The sixth album by Seven Mary Three defies their conventional label as a grunge band (an often-incorrect label branded by professional music reviewers). The album is their most varied and precarious effort yet. Jason Ross, lead singer and primary songwriter, writes his most intimate and personal songs. The CD surpasses the rock and roll style by drifting into country, Americana and folk, so do not expect a hard-rock album, like American Standard. The songs of dayandnightdriving are reflective the album title-rock songs, but also acoustic songs. If your only experience with the band was hearing Cumbersome on the radio and thinking it "rocked", you are missing out. This CD is a great way to become acquainted or reacquainted with one of today's most under-appreciated bands. I highly recommend this CD. You can sample four songs from the record in their entirety at the dayandnightdriving website. I hope you will sample the songs, come back here, and purchase the album. You will not be disappointed.

Jessibelle ,

Buy this album!

If you see the name Seven Mary Three and are unable to distance yourself from that urge to yell out "Cumbersome" as though it were a song synonymous with Skynyrd's "Free Bird," then this review will likely be of little relevance to you. For the rest of the music-loving community, I challenge you to drop any notions you have about what former albums professed... This is by far Ross' most challenging, yet comforting, album to date.

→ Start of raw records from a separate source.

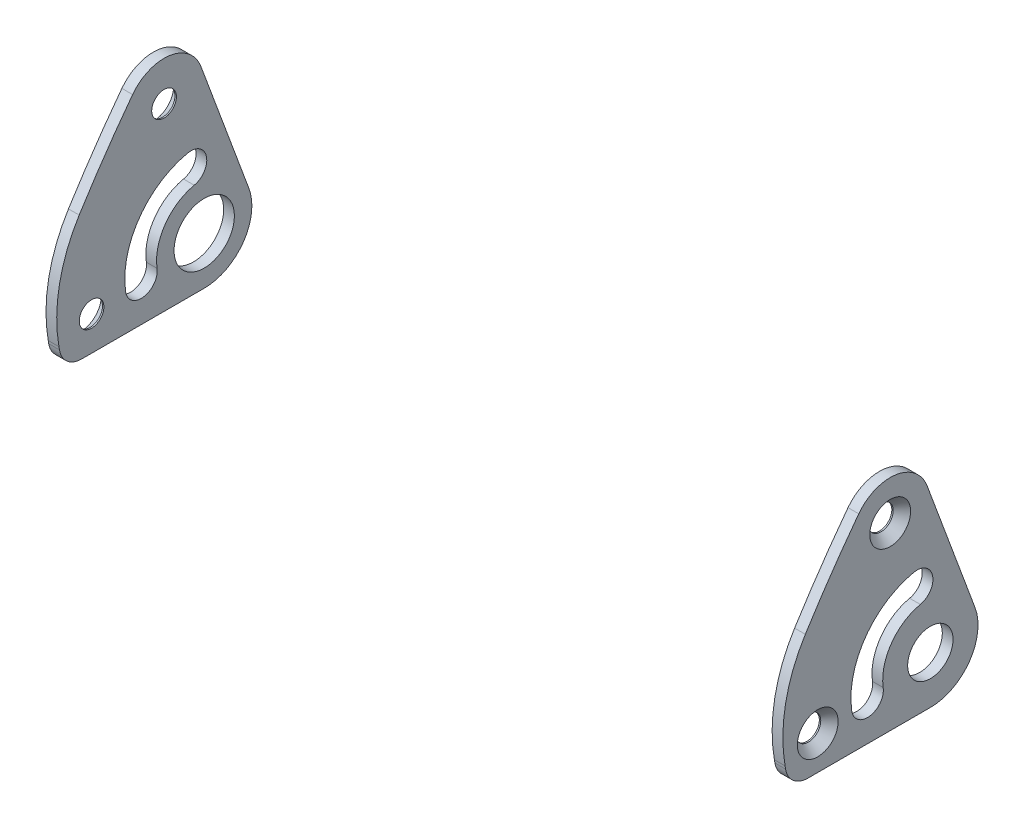
SolidWorks part; units mm, degrees
material "Ti-6Al-4VSolution treated and aged (SS)"
ref_plane "Front Plane" through (0, 0, 0) normal (0, 0, 1) x (1, 0, 0)
ref_plane "Top Plane" through (0, 0, 0) normal (0, 1, 0) x (1, 0, 0)
ref_plane "Right Plane" through (0, 0, 0) normal (1, 0, 0) x (0, 0, -1)
sketch "Sketch1" plane through (50.05, 0, 0) normal (1, 0, 0) x (0, 0, -1)
  line L1 (-163.3043, 20.32) -> (-154.1497, 20.32) construction
  line L2 (-171.4659, 20.32) -> (-151.65, 20.32)
  line L4 (-171.4659, 20.32) -> (-171.9734, 23.4009)
  line L6 (-145.3974, 29.3029) -> (-155.4683, 56.4984)
  arc A1 (-169.1435, 37.9367) -> (-155.4683, 56.4984) centre (-39.9608, -42.9187) cw
  circle A2 centre (-151.65, 26.9875) radius 4.2227
  arc A4 (-140.0779, 71.9827) -> (-169.1435, 37.9367) centre (-39.9608, -42.9187) ccw construction
  arc A6 (-171.97, -24.13) -> (-171.9734, 23.4009) centre (-306.6951, -0.3743) ccw construction
  arc A7 (-151.65, 20.32) -> (-145.3974, 29.3029) centre (-151.65, 26.9875) ccw
  arc A9 (-169.1435, 37.9367) -> (-171.9734, 23.4009) centre (-151.65, 26.9875) ccw construction
  arc A10 (-169.1435, 37.9367) -> (-171.9734, 23.4009) centre (-151.65, 26.9875) ccw
  arc A12 (-152.0988, 47.3993) -> (-161.6694, 48.8025) centre (-157.2676, 45.4853) ccw
  dimension "D1" = 8.4455
  dimension "D2" = 5.5118
  dimension "D3" = 69.68
extrude "Boss-Extrude1" add sketch "Sketch1" along normal blind 1.5 contours L6 A12 A1 L2 A7 A2 region at (50.05, 33.6096, 159.4667)
sketch "Sketch2" plane through (51.55, 0, 0) normal (1, 0, 0) x (0, 0, -1)
  line L4 (-161.5796, 23.495) -> (-166.5679, 23.495) construction
  line L6 (-151.3256, 36.1685) -> (-153.5891, 42.2809) construction
  line L9 (-145.3974, 29.3029) -> (-152.0988, 47.3993) construction
  line L10 (-171.4659, 20.32) -> (-151.65, 20.32) construction
  arc A9 (-151.65, 20.32) -> (-145.3974, 29.3029) centre (-151.65, 26.9875) ccw construction
  arc A12 (-153.0484, 33.5067) -> (-158.2491, 26.035) centre (-151.65, 26.9875) ccw
  arc A16 (-153.9807, 37.8528) -> (-162.6485, 25.4) centre (-151.65, 26.9875) ccw
  arc A18 (-153.0484, 33.5067) -> (-153.9807, 37.8528) centre (-153.5146, 35.6798) ccw
  arc A19 (-158.2491, 26.035) -> (-162.6485, 25.4) centre (-160.4488, 25.7175) cw
  dimension "D1" = 3.175
  dimension "D2" = 3.175
  dimension "D3" = 11.1125
extrude "Cut-Extrude1" cut sketch "Sketch2" against normal up to next and the other way through all contours L6 A16 L4 A12 region at (51.55, 31.4145, 158.0102)
fillet "Fillet3" radius 3.175 1 edges at (50.8, 20.32, 171.4659)
hole_wizard "CSK for #4 Flat Head Machine Screw1" positions "Sketch4" profile "Sketch6" countersink size "#4" standard "ANSI Inch" end condition up to next
sketch "Sketch4" plane through (51.55, 0, 0) normal (1, 0, 0) x (0, 0, -1)
  line L0 (-168.7712, 20.32) -> (-151.65, 20.32) construction
  arc A0 (-152.0988, 47.3993) -> (-161.6694, 48.8025) centre (-157.2676, 45.4853) ccw construction
  circle A1 centre (-167.4103, 25.0825) radius 4.7625 construction
  arc A4 (-153.9807, 37.8528) -> (-162.6485, 25.4) centre (-151.65, 26.9875) ccw construction
  point P0 (-167.4103, 25.0825)
  point P3 (-157.2676, 45.4853)
sketch "Sketch6" plane through (51.55, 25.0825, 167.4103) normal (0, 1, 0) x (0, 0, -1)
  line L0 (0, 0) -> (0, 1.5)
  line L1 (0, 1.5) -> (1.7272, 1.5)
  line L2 (1.7272, 1.5) -> (1.7272, 1.3003)
  line L3 (1.7272, 1.3003) -> (2.8575, 0)
  line L5 (2.8575, 0) -> (0, 0)
  line L6 (-1.7272, 1.3003) -> (-2.8575, 0) construction
  line L11 (0, -6.35) -> (0, 107.95) construction
  dimension "Thru Hole Dia." = 3.4544
  dimension "Thru Hole Depth" = 1.5
  dimension "Near C'Sink Dia." = 5.715
  dimension "Near C'Sink Angle" = 82
mirror "Mirror2" about plane through (0, 0, 0) normal (1, 0, 0) of bodies 110 101
sketch "Sketch7" plane through (51.55, 0, 0) normal (1, 0, 0) x (0, 0, -1)
  circle A0 centre (-151.65, 26.9875) radius 4.2227 construction
  circle A1 centre (-151.65, 26.9875) radius 4.2227
  circle A2 centre (-151.65, 26.9875) radius 3.175
  dimension "D1" = 6.35
extrude "Boss-Extrude2" add sketch "Sketch7" against normal up to surface (1.5 mm away) up to face at (50.05, 25.0825, 165.6831)
equation "\"weapon shaft threads\"= 5 / 16"
equation "\"D1@Sketch1\"=\"weapon shaft threads\" + .02in"
equation "\"D1@Boss-Extrude1\"=1.5mm"

While the group has maintained loyalty to the core of their sound, D&N is far from a rehash of former favorites. From the urgent entry point at "Last Kiss" to the stripped-down close at "Things I Stole," 7M3 has created a crisply produced soundscape, unified by song structures that testify to the rebirth of the band that has grown into the anthems they were born to perform.

TXSXDX67 ,

Awesome

This new record from 7M3 is excellent. It reminds me of Rock Crown with some country thrown in in all of the right places. Definately worth purchasing.